Given the caveats, the simplest use of this approach would be to do a full dump & restore (i.e. using mongorestore --drop) to ensure all changes are copied.
Approach #2: use a tailable cursor with the MongoDB oplog.
If you need more realtime or incremental replication, a possible approach is creating tailable cursors on the MongoDB replication oplog.
This approach is basically "roll your own replication". You would have to write an application which tails the oplog on each of your MongoDB instances and looks for changes of interest to save to your central server. For example, you may only want to replicate changes for selective namespaces (databases or collections).
A related tool that may be of interest is the experimental Mongo Connector from 10gen labs. This is a Python module that provides an interface for tailing the replication oplog.
Caveats:
You have to implement your own code for this, and learn/understand how to work with the oplog documents
There may be an alternative product which better supports your desired replication model "out of the box".

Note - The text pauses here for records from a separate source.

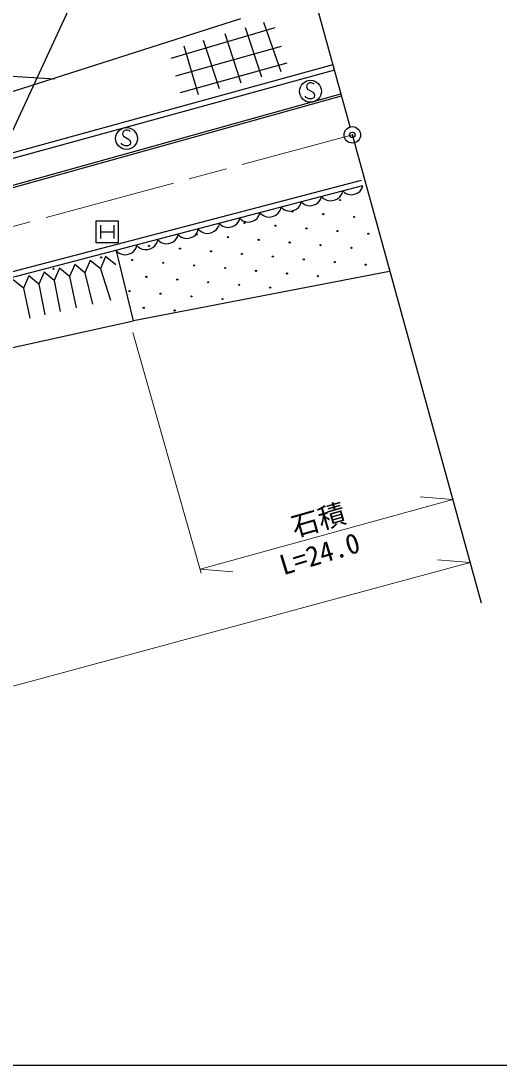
# Model space of a CAD drawing. Units: millimetres, scale not verified. Extents: x 40000 to 680000, y 20000 to 380000.
# Drawn here: x 416308 to 459850, y 205000 to 299994 of the extents above; entities that cross this region are included whole.
import ezdxf
from ezdxf.enums import TextEntityAlignment as Align

# ---------------------------------------------------------------- set-up
doc = ezdxf.new("R2010")
doc.units = ezdxf.units.MM
doc.header["$LTSCALE"] = 1000
doc.header["$PDMODE"] = 32
doc.header["$PDSIZE"] = 500
doc.linetypes.add('CHAIN', pattern=[18.5, 12, -1.5, 3.5, -1.5])
for name, color, linetype, lineweight in [('M-BGD', 7, 'Continuous', 25), ('M-BGD-EXST', 7, 'Continuous', 25), ('M-BMK', 2, 'CHAIN', 13), ('M-BMK-OTRS', 5, 'Continuous', 25), ('M-BMK-SRVR', 3, 'Continuous', 25), ('M-STR-HTXT', 7, 'Continuous', 13), ('M-STR-STRC', 7, 'Continuous', 25), ('M-TTL-BAND', 7, 'Continuous', 25)]:
    doc.layers.add(name, color=color, linetype=linetype, lineweight=lineweight)
doc.layers.add('M-OTRS', color=6, linetype='Continuous')
doc.styles.add('ＭＳ ゴシック', font='')
doc.styles.get('ＭＳ ゴシック').set_extended_font_data('MS Gothic')

msp = doc.modelspace()

# ---------------------------------------------------------------- linework, layer by layer
at = {"layer": 'M-BGD'}
for p, q in [((436289, 300194), (404208, 289949)), ((429994, 296601), (439467, 299403)), ((436742, 299394), (438203, 294890)), ((438400, 299887), (439984, 295380)), ((434877, 298839), (436326, 294373)), ((430429, 294998), (440034, 297703)), ((431149, 297731), (432451, 293305)), ((432897, 298251), (434350, 293828)), ((388217, 280503), (444747, 296016)), ((388352, 280022), (444879, 295533)), ((430842, 293478), (440538, 296190)), ((415009, 295009), (419387, 294732)), ((381323, 275523), (445442, 293362)), ((381372, 275329), (445496, 293170)), ((390606, 270656), (447311, 285492)), ((390733, 270173), (447437, 285008)), ((447385, 284798), (447447, 285011)), ((445336, 283997), (445460, 284154)), ((445460, 284154), (445545, 284300)), ((445545, 284300), (445610, 284524)), ((445610, 284524), (445769, 284370)), ((445769, 284370), (445908, 284289)), ((445908, 284289), (446085, 284218)), ((446085, 284218), (446334, 284166)), ((446334, 284166), (446564, 284187)), ((446564, 284187), (446785, 284246)), ((446785, 284246), (446995, 284341)), ((446995, 284341), (447187, 284509)), ((447187, 284509), (447304, 284658)), ((447304, 284658), (447385, 284798)), ((441580, 283025), (441697, 283174)), ((441697, 283174), (441778, 283314)), ((441778, 283314), (441840, 283527)), ((441840, 283527), (441999, 283372)), ((441999, 283372), (442138, 283291)), ((442138, 283291), (442314, 283220)), ((442314, 283220), (442564, 283168)), ((442564, 283168), (442794, 283189)), ((442794, 283189), (443015, 283248)), ((443015, 283248), (443225, 283343)), ((443225, 283343), (443416, 283511)), ((443416, 283511), (443534, 283660)), ((443534, 283660), (443615, 283800)), ((443615, 283800), (443677, 284013)), ((443677, 284013), (443844, 283850)), ((443844, 283850), (443991, 283765)), ((443991, 283765), (444176, 283690)), ((444176, 283690), (444439, 283635)), ((444439, 283635), (444681, 283658)), ((444681, 283658), (444913, 283719)), ((444913, 283719), (445135, 283819)), ((445135, 283819), (445336, 283997)), ((437810, 282027), (437927, 282176)), ((437927, 282176), (438008, 282316)), ((438008, 282316), (438070, 282529)), ((438070, 282529), (438237, 282366)), ((438237, 282366), (438384, 282281)), ((438384, 282281), (438569, 282206)), ((438569, 282206), (438832, 282151)), ((438832, 282151), (439074, 282174)), ((439074, 282174), (439306, 282235)), ((439306, 282235), (439528, 282335)), ((439528, 282335), (439729, 282513)), ((439729, 282513), (439853, 282670)), ((439853, 282670), (439939, 282816)), ((439939, 282816), (440003, 283040)), ((440003, 283040), (440162, 282886)), ((440162, 282886), (440302, 282805)), ((440302, 282805), (440478, 282733)), ((440478, 282733), (440727, 282682)), ((440727, 282682), (440957, 282703)), ((440957, 282703), (441178, 282762)), ((441178, 282762), (441388, 282857)), ((441388, 282857), (441580, 283025)), ((434122, 281028), (434246, 281185)), ((434246, 281185), (434332, 281332)), ((434332, 281332), (434396, 281556)), ((434396, 281556), (434555, 281402)), ((434555, 281402), (434695, 281321)), ((434695, 281321), (434871, 281249)), ((434871, 281249), (435120, 281197)), ((435120, 281197), (435350, 281219)), ((435350, 281219), (435571, 281277)), ((435571, 281277), (435782, 281372)), ((435782, 281372), (435973, 281541)), ((435973, 281541), (436091, 281690)), ((436091, 281690), (436172, 281829)), ((436172, 281829), (436233, 282042)), ((436233, 282042), (436392, 281888)), ((436392, 281888), (436531, 281807)), ((436531, 281807), (436707, 281735)), ((436707, 281735), (436957, 281684)), ((436957, 281684), (437187, 281705)), ((437187, 281705), (437408, 281764)), ((437408, 281764), (437618, 281859)), ((437618, 281859), (437810, 282027)), ((430484, 280206), (430565, 280345)), ((430565, 280345), (430626, 280558)), ((430626, 280558), (430785, 280404)), ((430785, 280404), (430924, 280323)), ((430924, 280323), (431101, 280251)), ((431101, 280251), (431350, 280199)), ((431580, 280221), (431801, 280279)), ((431801, 280279), (432011, 280374)), ((432011, 280374), (432203, 280543)), ((432203, 280543), (432320, 280692)), ((432320, 280692), (432401, 280832)), ((432401, 280832), (432463, 281044)), ((432463, 281044), (432630, 280882)), ((432630, 280882), (432777, 280796)), ((432777, 280796), (432962, 280721)), ((432962, 280721), (433225, 280667)), ((433225, 280667), (433467, 280690)), ((433467, 280690), (433699, 280751)), ((433699, 280751), (433921, 280851)), ((433921, 280851), (434122, 281028)), ((426714, 279208), (426795, 279347)), ((426795, 279347), (426856, 279560)), ((426856, 279560), (427023, 279398)), ((427023, 279398), (427170, 279312)), ((427170, 279312), (427355, 279237)), ((428092, 279267), (428314, 279367)), ((428314, 279367), (428515, 279544)), ((428515, 279544), (428639, 279701)), ((428639, 279701), (428725, 279848)), ((428725, 279848), (428790, 280072)), ((428790, 280072), (428948, 279917)), ((428948, 279917), (429088, 279836)), ((429088, 279836), (429264, 279765)), ((429264, 279765), (429513, 279713)), ((429513, 279713), (429744, 279735)), ((429744, 279735), (429964, 279793)), ((429964, 279793), (430175, 279888)), ((430175, 279888), (430366, 280057)), ((430366, 280057), (430484, 280206)), ((431350, 280199), (431580, 280221)), ((424009, 278545), (423543, 277438)), ((424941, 277787), (424009, 278545)), ((425019, 279074), (425178, 278919)), ((426558, 272700), (425019, 279074)), ((425178, 278919), (425318, 278838)), ((425318, 278838), (425494, 278767)), ((425494, 278767), (425743, 278715)), ((425743, 278715), (425973, 278737)), ((425973, 278737), (426194, 278795)), ((426194, 278795), (426405, 278890)), ((426405, 278890), (426596, 279059)), ((426596, 279059), (426714, 279208)), ((427355, 279237), (427618, 279183)), ((427618, 279183), (427860, 279205)), ((427860, 279205), (428092, 279267)), ((419814, 277496), (419348, 276389)), ((420746, 276739), (419814, 277496)), ((421212, 277846), (420746, 276739)), ((422145, 277088), (421212, 277846)), ((422611, 278195), (422145, 277088)), ((423543, 277438), (422611, 278195)), ((423543, 277438), (424465, 274588)), ((416552, 275690), (415620, 276447)), ((417018, 276797), (416552, 275690)), ((417950, 276040), (417018, 276797)), ((418416, 277147), (417950, 276040)), ((419348, 276389), (418416, 277147)), ((420746, 276739), (421337, 273889)), ((422145, 277088), (422821, 274220)), ((449855, 277206), (426558, 272700)), ((416552, 275690), (417132, 272948)), ((417950, 276040), (418483, 273250)), ((419348, 276389), (419871, 273561)), ((407547, 268524), (426558, 272700))]:
    msp.add_line(p, q, dxfattribs=at)
for centre in [(445373, 283693), (441024, 282651), (443842, 282407), (446660, 282162), (436675, 281609), (439493, 281364), (432326, 280567), (435144, 280322), (442311, 281120), (445129, 280875), (447946, 280631), (427977, 279524), (430795, 279280), (437962, 280078), (440780, 279833), (443597, 279589), (446415, 279344), (423628, 278482), (433613, 279035), (436431, 278791), (439248, 278546), (442066, 278302), (419279, 277440), (426446, 278238), (429264, 277993), (432082, 277749), (434899, 277504), (444884, 278058), (447702, 277813), (427733, 276706), (430550, 276462), (437717, 277260), (440535, 277015), (443353, 276771), (433368, 276218), (436186, 275973), (439004, 275729), (426201, 275420), (429019, 275175), (431837, 274931), (434655, 274686), (427488, 273889), (430306, 273644)]:
    msp.add_circle(centre, 50, dxfattribs=at)
at = {"layer": 'M-BGD-EXST'}
for p, q in [((442358, 294228), (442318, 293988)), ((442318, 293988), (442398, 293788)), ((442598, 294348), (442358, 294228)), ((442398, 293788), (442958, 293468)), ((442758, 294348), (442598, 294348)), ((442918, 294308), (442758, 294348)), ((442998, 294228), (442918, 294308)), ((442278, 293028), (442198, 293148)), ((442518, 292908), (442278, 293028)), ((442798, 292908), (442518, 292908)), ((442998, 293028), (442798, 292908)), ((442958, 293468), (443038, 293268)), ((443038, 293268), (442998, 293028)), ((425608, 289936), (425568, 289696)), ((425848, 290056), (425608, 289936)), ((426008, 290056), (425848, 290056)), ((426168, 290016), (426008, 290056)), ((426248, 289936), (426168, 290016)), ((425528, 288736), (425448, 288856)), ((425568, 289696), (425648, 289496)), ((425648, 289496), (426208, 289176)), ((426208, 289176), (426288, 288976)), ((426288, 288976), (426248, 288736)), ((425768, 288616), (425528, 288736)), ((426048, 288616), (425768, 288616)), ((426248, 288736), (426048, 288616)), ((423157, 279798), (423157, 281798)), ((423157, 281798), (425157, 281798)), ((423557, 281398), (423557, 280198)), ((424757, 281398), (424757, 280198)), ((425157, 281798), (425157, 279798)), ((423557, 280798), (424757, 280798)), ((425157, 279798), (423157, 279798))]:
    msp.add_line(p, q, dxfattribs=at)
for centre in [(442678, 293588), (425928, 289296)]:
    msp.add_circle(centre, 1000, dxfattribs=at)
at = {"layer": 'M-BMK'}
msp.add_line((382882, 272477), (446490, 289621), dxfattribs=at)
at = {"layer": 'M-BMK-OTRS'}
for p, q in [((446291, 290344), (438395, 318966)), ((458243, 247017), (446490, 289621))]:
    msp.add_line(p, q, dxfattribs=at)
at = {"layer": 'M-BMK-SRVR'}
for radius in [750, 30]:
    msp.add_circle((446490, 289621), radius, dxfattribs=at)
at = {"layer": 'M-OTRS'}
msp.add_point((446490, 289621), dxfattribs=at)
at = {"layer": 'M-STR-HTXT'}
for p, q in [((432728, 249766), (426504, 271652)), ((455643, 256442), (452653, 256685)), ((432627, 250124), (455643, 256442)), ((454235, 250960), (457225, 250710)), ((388860, 232274), (457225, 250710)), ((432627, 250124), (435617, 249881))]:
    msp.add_line(p, q, dxfattribs=at)
at = {"layer": 'M-STR-STRC'}
msp.add_line((429784, 320770), (412832, 284176), dxfattribs=at)
at = {"layer": 'M-TTL-BAND'}
msp.add_line((40000, 205000), (579000, 205000), dxfattribs=at)

# ---------------------------------------------------------------- texts
at = {"layer": 'M-STR-HTXT', "style": 'ＭＳ ゴシック'}
for s, rotation, p in [('石積', 16, (441403, 252498)), ('L=24.0', 17, (440365, 249024))]:
    msp.add_text(s, height=1833, rotation=rotation, dxfattribs=at).set_placement(p, align=Align.BOTTOM_LEFT)

doc.saveas('drawing.dxf')

You should be aware that there are only replica set for doing replication there a replicat set always means: one primary, multiple secondary. Write always go to the primary server. Appearently you want multi-master replication which is not supported by MongoDB. So you want to look into a different technology like CouchDB or CouchBase. MongoDB is barrel burst here.
There may be a way since MongoDB 3.6 to achieve your goal: Change Streams.
Change streams allow applications to access real-time data changes without the complexity and risk of tailing the oplog. Applications can use change streams to subscribe to all data changes on a single collection, a database, or an entire deployment, and immediately react to them. Because change streams use the aggregation framework, applications can also filter for specific changes or transform the notifications at will.
There are some configuration options that affect whether you can use Change Streams or not, so please read about them.
Another option is Delayed Replica Set Members.
Because delayed members are a "rolling backup" or a running "historical" snapshot of the data set, they may help you recover from various kinds of human error. For example, a delayed member can make it possible to recover from unsuccessful application upgrades and operator errors including dropped databases and collections.
Hidden Replica Set Members may be another option to consider.
A hidden member maintains a copy of the primary's data set but is invisible to client applications. Hidden members are good for workloads with different usage patterns from the other members in the replica set.
Another option may be to configure a Priority 0 Replica Set Member.
Because delayed members are a "rolling backup" or a running "historical" snapshot of the data set, they may help you recover from various kinds of human error.
I am interested in these options myself, but I haven't decided what approach I will use.